However, she was tiring from it all — feeling like a twisted rope, pulled on both ends, and fraying in the middle. She found that she needed more than magnesium powder and valerian tea to relax. She needed to disengage for a bit. Quit watching the news, in favor of escaping to the pablum of the Hallmark Channel. (At least she knew that would have a happy ending.) Do her daily yoga and mindfulness practice. Read some books that would give her inner world a boost. Swim in a lake. Walk in the forest. Ground herself, giving herself the gift of nature’s replenishment.

And if this were not enough, she could then try the new Emotional Therapy App. It could be downloaded on her phone. She saw the ads, both for the app, and for the new field of technicians wanted, in order to satisfy the expanding need to quell the growing anxiety throughout the country.

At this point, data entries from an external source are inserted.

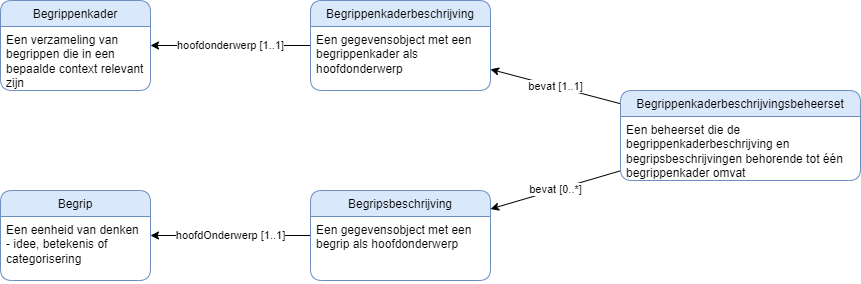

The diagram above was exported from draw.io. Its source (the exported page's mxGraphModel, read from the mxfile embedded in the PNG):
<mxGraphModel dx="1609" dy="368" grid="1" gridSize="10" guides="1" tooltips="1" connect="1" arrows="1" fold="1" page="1" pageScale="1" pageWidth="850" pageHeight="1100" background="#ffffff" math="0" shadow="0">
  <root>
    <mxCell id="0" />
    <mxCell id="1" parent="0" />
    <mxCell id="48" value="bevat [1..1]" style="edgeStyle=none;html=1;" parent="1" source="50" target="44" edge="1">
      <mxGeometry relative="1" as="geometry" />
    </mxCell>
    <mxCell id="57" value="hoofdonderwerp [1..1]" style="edgeStyle=none;html=1;" parent="1" source="44" target="52" edge="1">
      <mxGeometry relative="1" as="geometry" />
    </mxCell>
    <mxCell id="44" value="Begrippenkaderbeschrijving" style="swimlane;fontStyle=0;childLayout=stackLayout;horizontal=1;startSize=26;fillColor=#dae8fc;horizontalStack=0;resizeParent=1;resizeParentMax=0;resizeLast=0;collapsible=1;marginBottom=0;rounded=1;strokeColor=#6c8ebf;" parent="1" vertex="1">
      <mxGeometry x="90" y="690" width="180" height="90" as="geometry" />
    </mxCell>
    <mxCell id="45" value="Een gegevensobject met een begrippenkader als hoofdonderwerp" style="text;strokeColor=none;fillColor=none;align=left;verticalAlign=top;spacingLeft=4;spacingRight=4;overflow=hidden;rotatable=0;points=[[0,0.5],[1,0.5]];portConstraint=eastwest;whiteSpace=wrap;" parent="44" vertex="1">
      <mxGeometry y="26" width="180" height="64" as="geometry" />
    </mxCell>
    <mxCell id="56" value="hoofdOnderwerp [1..1]" style="edgeStyle=none;html=1;" parent="1" source="46" target="54" edge="1">
      <mxGeometry relative="1" as="geometry" />
    </mxCell>
    <mxCell id="46" value="Begripsbeschrijving" style="swimlane;fontStyle=0;childLayout=stackLayout;horizontal=1;startSize=26;fillColor=#dae8fc;horizontalStack=0;resizeParent=1;resizeParentMax=0;resizeLast=0;collapsible=1;marginBottom=0;rounded=1;strokeColor=#6c8ebf;" parent="1" vertex="1">
      <mxGeometry x="90" y="880" width="180" height="90" as="geometry" />
    </mxCell>
    <mxCell id="47" value="Een gegevensobject met een begrip als hoofdonderwerp" style="text;strokeColor=none;fillColor=none;align=left;verticalAlign=top;spacingLeft=4;spacingRight=4;overflow=hidden;rotatable=0;points=[[0,0.5],[1,0.5]];portConstraint=eastwest;whiteSpace=wrap;" parent="46" vertex="1">
      <mxGeometry y="26" width="180" height="64" as="geometry" />
    </mxCell>
    <mxCell id="49" value="bevat [0..*]" style="edgeStyle=none;html=1;" parent="1" source="50" target="46" edge="1">
      <mxGeometry relative="1" as="geometry">
        <mxPoint x="430" y="780" as="sourcePoint" />
      </mxGeometry>
    </mxCell>
    <mxCell id="50" value="Begrippenkaderbeschrijvingsbeheerset" style="swimlane;fontStyle=0;childLayout=stackLayout;horizontal=1;startSize=26;fillColor=#dae8fc;horizontalStack=0;resizeParent=1;resizeParentMax=0;resizeLast=0;collapsible=1;marginBottom=0;rounded=1;strokeColor=#6c8ebf;" parent="1" vertex="1">
      <mxGeometry x="400" y="780" width="240" height="90" as="geometry" />
    </mxCell>
    <mxCell id="51" value="Een beheerset die de begrippenkaderbeschrijving en begripsbeschrijvingen behorende tot één begrippenkader omvat" style="text;strokeColor=none;fillColor=none;align=left;verticalAlign=top;spacingLeft=4;spacingRight=4;overflow=hidden;rotatable=0;points=[[0,0.5],[1,0.5]];portConstraint=eastwest;whiteSpace=wrap;spacingBottom=0;" parent="50" vertex="1">
      <mxGeometry y="26" width="240" height="64" as="geometry" />
    </mxCell>
    <mxCell id="52" value="Begrippenkader" style="swimlane;fontStyle=0;childLayout=stackLayout;horizontal=1;startSize=26;fillColor=#dae8fc;horizontalStack=0;resizeParent=1;resizeParentMax=0;resizeLast=0;collapsible=1;marginBottom=0;rounded=1;strokeColor=#6c8ebf;" parent="1" vertex="1">
      <mxGeometry x="-220" y="690" width="150" height="90" as="geometry" />
    </mxCell>
    <mxCell id="53" value="Een verzameling van begrippen die in een bepaalde context relevant zijn" style="text;strokeColor=none;fillColor=none;align=left;verticalAlign=top;spacingLeft=4;spacingRight=4;overflow=hidden;rotatable=0;points=[[0,0.5],[1,0.5]];portConstraint=eastwest;whiteSpace=wrap;" parent="52" vertex="1">
      <mxGeometry y="26" width="150" height="64" as="geometry" />
    </mxCell>
    <mxCell id="54" value="Begrip" style="swimlane;fontStyle=0;childLayout=stackLayout;horizontal=1;startSize=26;fillColor=#dae8fc;horizontalStack=0;resizeParent=1;resizeParentMax=0;resizeLast=0;collapsible=1;marginBottom=0;rounded=1;strokeColor=#6c8ebf;" parent="1" vertex="1">
      <mxGeometry x="-220" y="880" width="150" height="90" as="geometry" />
    </mxCell>
    <mxCell id="55" value="Een eenheid van denken - idee, betekenis of categorisering" style="text;strokeColor=none;fillColor=none;align=left;verticalAlign=top;spacingLeft=4;spacingRight=4;overflow=hidden;rotatable=0;points=[[0,0.5],[1,0.5]];portConstraint=eastwest;whiteSpace=wrap;" parent="54" vertex="1">
      <mxGeometry y="26" width="150" height="64" as="geometry" />
    </mxCell>
  </root>
</mxGraphModel>

She was even reading that soon, there would be a chip that could be embedded into a person’s body so that the app would no longer require a phone, but could be remotely programmed with a simple “thought request.” How bizarre, she thought, that we would, at some point, become incapable of controlling our own thoughts and feelings, requiring an app or a chip to do it for us.

Is this another example of “dumbing us down”? she wondered. No longer will we need Prozac or other ingested substances to control our emotional landscape. We will simply send a thought request for what we want that emotional landscape to look like, and instantly…feel it.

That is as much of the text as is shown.